Day 4: Make the city your own
Truly appreciating a city, any city, can take time. Mostly because you might never truly feel at home until you establish a routine, find some favorite spots to frequent, and make friends — all things that can sometimes take time.
Which is all to say, don’t be hasty! In a few short weeks, if you’re open to letting yourself be won over, you’ll soon uncover all the wonderful things that LA has to offer.
But there are some ways to speed up the awkward transition phase from newbie to local. Here are some things you can try:
- Talk to people: The great thing about being new is that everybody expects you to constantly ask questions. Take advantage of this before people start expecting you to know better. Talk to your Lyft driver, the woman next to you on the bus, the checkout guy at the grocery store, and ask them how long they’ve been in LA, if they like where they live, or what their favorite places to eat/drink/hang out are.

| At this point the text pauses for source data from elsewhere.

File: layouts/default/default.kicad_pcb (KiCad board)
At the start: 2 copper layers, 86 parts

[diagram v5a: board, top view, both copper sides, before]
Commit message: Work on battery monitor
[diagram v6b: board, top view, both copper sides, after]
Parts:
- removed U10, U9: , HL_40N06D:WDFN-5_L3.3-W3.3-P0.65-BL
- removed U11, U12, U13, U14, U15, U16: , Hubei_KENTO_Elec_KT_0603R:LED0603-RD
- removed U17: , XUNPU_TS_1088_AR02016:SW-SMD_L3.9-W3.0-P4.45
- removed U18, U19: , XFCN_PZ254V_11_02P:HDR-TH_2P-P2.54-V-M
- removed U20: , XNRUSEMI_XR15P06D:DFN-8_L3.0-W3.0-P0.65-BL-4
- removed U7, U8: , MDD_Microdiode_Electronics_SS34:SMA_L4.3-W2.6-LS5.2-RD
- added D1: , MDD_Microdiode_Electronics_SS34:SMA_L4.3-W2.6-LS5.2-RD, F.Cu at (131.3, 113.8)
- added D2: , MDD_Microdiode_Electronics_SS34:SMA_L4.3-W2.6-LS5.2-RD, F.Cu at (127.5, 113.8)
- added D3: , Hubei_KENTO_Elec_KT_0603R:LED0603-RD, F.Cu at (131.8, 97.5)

- Get lost: No, literally. Let’s say it’s a Saturday afternoon and you’ve been meaning to check out a particular restaurant for dinner. Fight your instinct to just hop in a Lyft, and try to figure out if you can walk or bike there. Trying to navigate yourself (and giving yourself time to take a few detours) is one of the best ways to get a feel for how a city is laid out.
- Just say yes: …to everything. Coworker wants to get a drink? Sure! Heard about a cool event this weekend? You’re there. For the first month or so, push yourself to go out and try new things. It’ll help you figure out what things could become regular events for you, and if not, what have you got to lose?